YOUR GOAL: Would you filter the listing below so that only lines with the word "ARIALN" remain?

INPUT FOR THIS TASK:
- - -
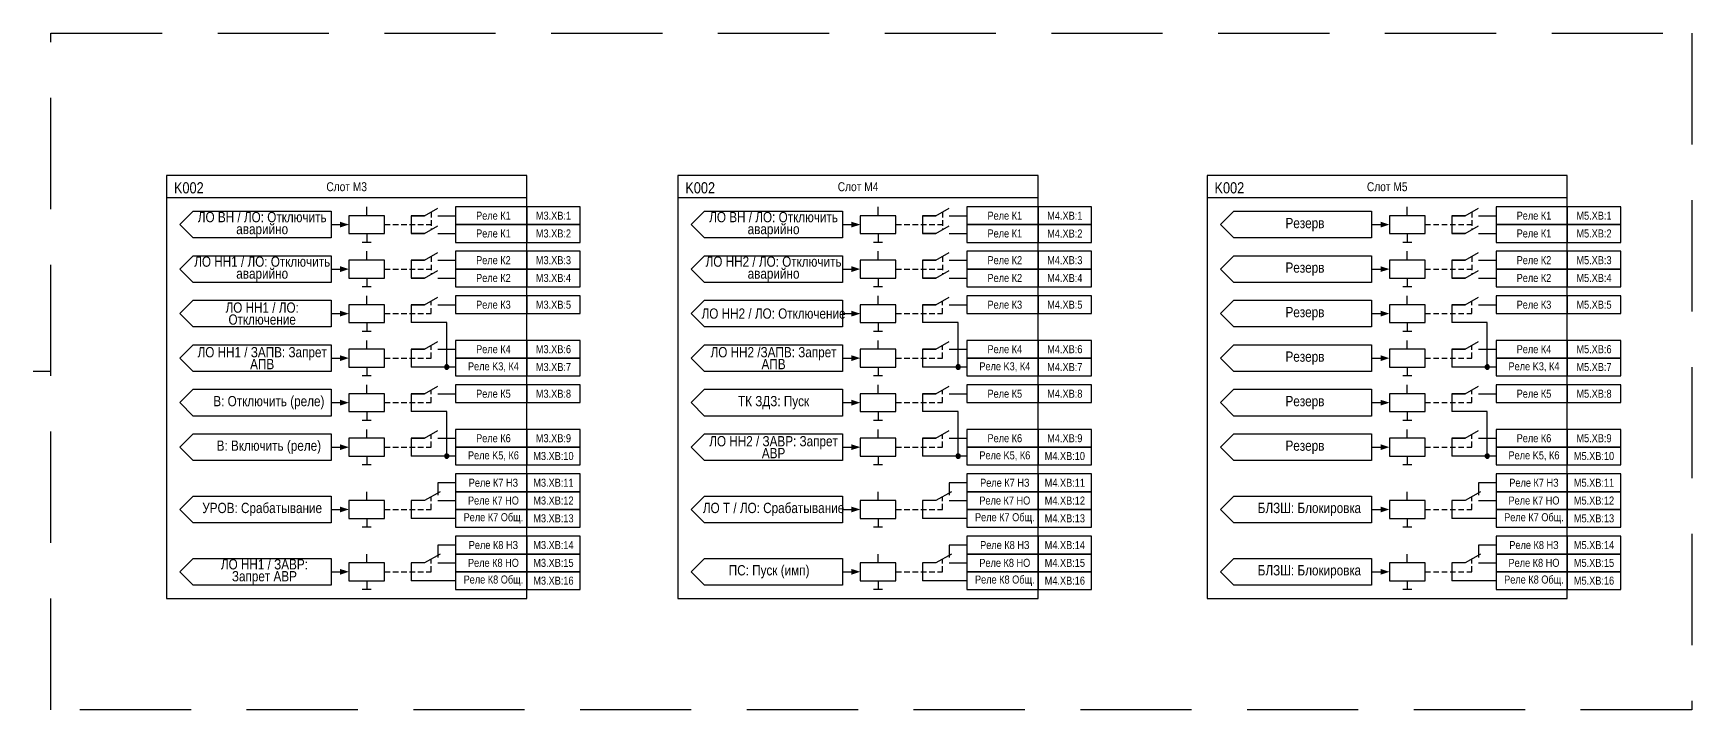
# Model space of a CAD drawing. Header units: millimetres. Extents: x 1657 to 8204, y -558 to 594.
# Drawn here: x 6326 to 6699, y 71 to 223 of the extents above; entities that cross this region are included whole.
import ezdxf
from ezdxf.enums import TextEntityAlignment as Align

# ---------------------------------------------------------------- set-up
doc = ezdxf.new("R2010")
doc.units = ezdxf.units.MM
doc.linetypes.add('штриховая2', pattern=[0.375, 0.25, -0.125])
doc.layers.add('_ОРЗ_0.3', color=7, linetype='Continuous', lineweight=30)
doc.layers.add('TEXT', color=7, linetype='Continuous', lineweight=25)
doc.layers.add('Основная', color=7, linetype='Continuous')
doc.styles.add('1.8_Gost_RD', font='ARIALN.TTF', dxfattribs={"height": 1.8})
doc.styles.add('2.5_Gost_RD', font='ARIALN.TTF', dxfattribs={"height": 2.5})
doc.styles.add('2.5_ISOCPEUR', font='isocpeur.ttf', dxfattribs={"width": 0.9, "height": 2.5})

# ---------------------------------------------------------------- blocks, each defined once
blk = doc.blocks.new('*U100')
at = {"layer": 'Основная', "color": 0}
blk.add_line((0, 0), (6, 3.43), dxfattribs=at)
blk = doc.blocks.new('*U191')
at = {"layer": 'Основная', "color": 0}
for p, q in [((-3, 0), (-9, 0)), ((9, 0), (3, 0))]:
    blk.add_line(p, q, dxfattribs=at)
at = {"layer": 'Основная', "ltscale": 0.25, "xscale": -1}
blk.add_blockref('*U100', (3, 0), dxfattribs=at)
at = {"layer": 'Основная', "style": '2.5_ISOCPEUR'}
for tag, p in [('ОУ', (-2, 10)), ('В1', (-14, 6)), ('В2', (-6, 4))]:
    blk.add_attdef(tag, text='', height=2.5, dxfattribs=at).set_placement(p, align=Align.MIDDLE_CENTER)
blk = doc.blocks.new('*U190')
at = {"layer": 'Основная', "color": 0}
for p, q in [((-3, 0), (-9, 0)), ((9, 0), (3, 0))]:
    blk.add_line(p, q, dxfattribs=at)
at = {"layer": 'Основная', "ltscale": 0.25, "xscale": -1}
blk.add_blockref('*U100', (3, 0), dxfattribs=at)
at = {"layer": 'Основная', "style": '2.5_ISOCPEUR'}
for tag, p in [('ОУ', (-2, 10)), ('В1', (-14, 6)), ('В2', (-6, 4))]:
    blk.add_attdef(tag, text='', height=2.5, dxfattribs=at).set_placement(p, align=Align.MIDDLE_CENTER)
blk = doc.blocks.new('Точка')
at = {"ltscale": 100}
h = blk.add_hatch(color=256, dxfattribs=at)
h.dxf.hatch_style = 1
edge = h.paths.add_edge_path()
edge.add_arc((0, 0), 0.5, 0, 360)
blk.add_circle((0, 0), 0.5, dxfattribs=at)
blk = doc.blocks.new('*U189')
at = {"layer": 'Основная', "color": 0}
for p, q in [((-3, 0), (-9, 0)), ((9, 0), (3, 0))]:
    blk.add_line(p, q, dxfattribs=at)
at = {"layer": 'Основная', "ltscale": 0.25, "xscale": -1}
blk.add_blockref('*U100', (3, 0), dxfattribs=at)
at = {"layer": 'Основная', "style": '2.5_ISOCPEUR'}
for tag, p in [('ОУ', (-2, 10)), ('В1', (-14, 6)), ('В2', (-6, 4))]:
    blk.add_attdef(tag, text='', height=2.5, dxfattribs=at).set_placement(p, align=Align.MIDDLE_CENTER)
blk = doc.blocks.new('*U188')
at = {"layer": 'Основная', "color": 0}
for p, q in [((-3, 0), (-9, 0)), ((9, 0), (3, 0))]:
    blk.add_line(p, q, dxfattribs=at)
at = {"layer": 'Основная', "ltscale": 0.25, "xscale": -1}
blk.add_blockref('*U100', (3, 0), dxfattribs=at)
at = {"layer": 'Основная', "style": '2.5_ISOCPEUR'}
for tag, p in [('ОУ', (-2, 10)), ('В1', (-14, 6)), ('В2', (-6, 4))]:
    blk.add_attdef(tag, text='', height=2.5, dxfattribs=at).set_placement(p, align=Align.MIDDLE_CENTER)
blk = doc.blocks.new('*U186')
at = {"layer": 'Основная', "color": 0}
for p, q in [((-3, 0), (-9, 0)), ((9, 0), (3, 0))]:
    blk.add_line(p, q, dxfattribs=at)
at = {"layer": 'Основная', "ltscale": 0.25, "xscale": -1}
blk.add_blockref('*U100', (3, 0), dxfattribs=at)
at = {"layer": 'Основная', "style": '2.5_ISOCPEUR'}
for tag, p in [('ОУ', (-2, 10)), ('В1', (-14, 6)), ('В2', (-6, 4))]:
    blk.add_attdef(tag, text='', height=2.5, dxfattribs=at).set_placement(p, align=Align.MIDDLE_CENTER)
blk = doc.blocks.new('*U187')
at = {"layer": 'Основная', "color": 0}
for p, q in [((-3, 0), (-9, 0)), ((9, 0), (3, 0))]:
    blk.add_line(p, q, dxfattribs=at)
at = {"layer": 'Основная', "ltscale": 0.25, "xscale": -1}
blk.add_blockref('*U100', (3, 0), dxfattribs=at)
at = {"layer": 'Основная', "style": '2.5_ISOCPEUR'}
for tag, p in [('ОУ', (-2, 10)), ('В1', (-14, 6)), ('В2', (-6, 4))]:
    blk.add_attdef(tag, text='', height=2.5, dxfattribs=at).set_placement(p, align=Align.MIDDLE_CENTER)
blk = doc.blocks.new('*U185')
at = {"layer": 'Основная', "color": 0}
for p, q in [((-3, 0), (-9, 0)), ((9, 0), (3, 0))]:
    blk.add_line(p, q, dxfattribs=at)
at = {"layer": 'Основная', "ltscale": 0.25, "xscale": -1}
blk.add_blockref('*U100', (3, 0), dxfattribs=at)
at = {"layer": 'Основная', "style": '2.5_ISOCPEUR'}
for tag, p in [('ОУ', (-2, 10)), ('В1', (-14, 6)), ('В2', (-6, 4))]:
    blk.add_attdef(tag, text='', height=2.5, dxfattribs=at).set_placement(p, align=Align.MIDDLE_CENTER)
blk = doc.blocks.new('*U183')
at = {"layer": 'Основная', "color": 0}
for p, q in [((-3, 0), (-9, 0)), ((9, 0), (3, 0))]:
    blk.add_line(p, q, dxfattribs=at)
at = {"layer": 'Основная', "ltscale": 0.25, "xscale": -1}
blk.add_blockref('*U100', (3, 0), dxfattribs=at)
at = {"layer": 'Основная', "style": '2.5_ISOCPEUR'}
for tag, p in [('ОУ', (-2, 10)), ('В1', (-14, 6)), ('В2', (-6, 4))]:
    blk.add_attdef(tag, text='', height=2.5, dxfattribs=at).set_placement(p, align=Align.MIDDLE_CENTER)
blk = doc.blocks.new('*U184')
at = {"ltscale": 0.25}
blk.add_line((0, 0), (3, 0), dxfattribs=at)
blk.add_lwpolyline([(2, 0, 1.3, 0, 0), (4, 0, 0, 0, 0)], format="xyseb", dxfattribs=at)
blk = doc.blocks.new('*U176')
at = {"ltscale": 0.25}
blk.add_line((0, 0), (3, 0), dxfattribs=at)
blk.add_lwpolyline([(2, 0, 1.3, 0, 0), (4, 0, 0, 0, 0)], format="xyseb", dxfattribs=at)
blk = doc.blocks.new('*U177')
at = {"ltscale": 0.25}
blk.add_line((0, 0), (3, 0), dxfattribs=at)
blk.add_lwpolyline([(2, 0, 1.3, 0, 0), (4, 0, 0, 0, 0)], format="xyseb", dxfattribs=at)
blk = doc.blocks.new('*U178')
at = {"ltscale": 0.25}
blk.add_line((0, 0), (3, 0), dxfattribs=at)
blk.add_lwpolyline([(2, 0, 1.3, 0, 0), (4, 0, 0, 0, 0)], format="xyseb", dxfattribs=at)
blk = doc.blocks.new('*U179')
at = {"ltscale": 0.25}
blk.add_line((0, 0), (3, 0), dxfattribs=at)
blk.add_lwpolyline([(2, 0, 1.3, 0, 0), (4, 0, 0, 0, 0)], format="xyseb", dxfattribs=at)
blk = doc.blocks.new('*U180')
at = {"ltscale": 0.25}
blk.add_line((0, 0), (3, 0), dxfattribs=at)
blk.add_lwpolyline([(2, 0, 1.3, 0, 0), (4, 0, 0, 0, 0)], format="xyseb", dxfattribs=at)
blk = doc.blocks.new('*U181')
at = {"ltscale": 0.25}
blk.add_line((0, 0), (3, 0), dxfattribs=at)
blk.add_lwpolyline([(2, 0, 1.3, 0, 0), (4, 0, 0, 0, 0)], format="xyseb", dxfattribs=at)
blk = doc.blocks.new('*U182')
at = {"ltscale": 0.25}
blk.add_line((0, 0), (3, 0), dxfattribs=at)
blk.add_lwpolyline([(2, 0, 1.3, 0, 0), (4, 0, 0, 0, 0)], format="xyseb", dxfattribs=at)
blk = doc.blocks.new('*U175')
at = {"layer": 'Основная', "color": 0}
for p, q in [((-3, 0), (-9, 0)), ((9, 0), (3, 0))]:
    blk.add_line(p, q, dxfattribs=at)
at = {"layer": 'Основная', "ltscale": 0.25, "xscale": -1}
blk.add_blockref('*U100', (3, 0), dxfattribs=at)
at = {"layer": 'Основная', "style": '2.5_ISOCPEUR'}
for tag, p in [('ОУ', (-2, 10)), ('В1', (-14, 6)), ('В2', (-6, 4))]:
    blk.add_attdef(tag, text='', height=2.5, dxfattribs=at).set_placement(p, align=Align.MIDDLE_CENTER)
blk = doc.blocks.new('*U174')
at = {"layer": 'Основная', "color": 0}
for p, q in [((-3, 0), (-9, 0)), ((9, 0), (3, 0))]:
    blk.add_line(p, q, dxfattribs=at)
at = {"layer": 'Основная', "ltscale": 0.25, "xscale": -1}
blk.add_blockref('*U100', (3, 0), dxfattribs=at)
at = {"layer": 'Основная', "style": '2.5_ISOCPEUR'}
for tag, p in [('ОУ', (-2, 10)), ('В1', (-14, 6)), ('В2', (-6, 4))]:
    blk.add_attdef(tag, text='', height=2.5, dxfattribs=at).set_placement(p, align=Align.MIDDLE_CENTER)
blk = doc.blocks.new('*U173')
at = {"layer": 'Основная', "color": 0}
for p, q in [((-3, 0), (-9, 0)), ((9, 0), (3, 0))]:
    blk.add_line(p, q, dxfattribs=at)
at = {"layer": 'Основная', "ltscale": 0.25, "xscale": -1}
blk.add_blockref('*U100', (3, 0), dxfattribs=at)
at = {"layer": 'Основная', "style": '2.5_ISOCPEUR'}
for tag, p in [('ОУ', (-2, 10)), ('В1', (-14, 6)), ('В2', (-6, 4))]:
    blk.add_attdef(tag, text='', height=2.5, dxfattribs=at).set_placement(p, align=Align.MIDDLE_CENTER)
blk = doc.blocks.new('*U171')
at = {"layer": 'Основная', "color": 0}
- - -
SOLUTION TO THIS PROBLEM:
doc.styles.add('1.8_Gost_RD', font='ARIALN.TTF', dxfattribs={"height": 1.8})
doc.styles.add('2.5_Gost_RD', font='ARIALN.TTF', dxfattribs={"height": 2.5})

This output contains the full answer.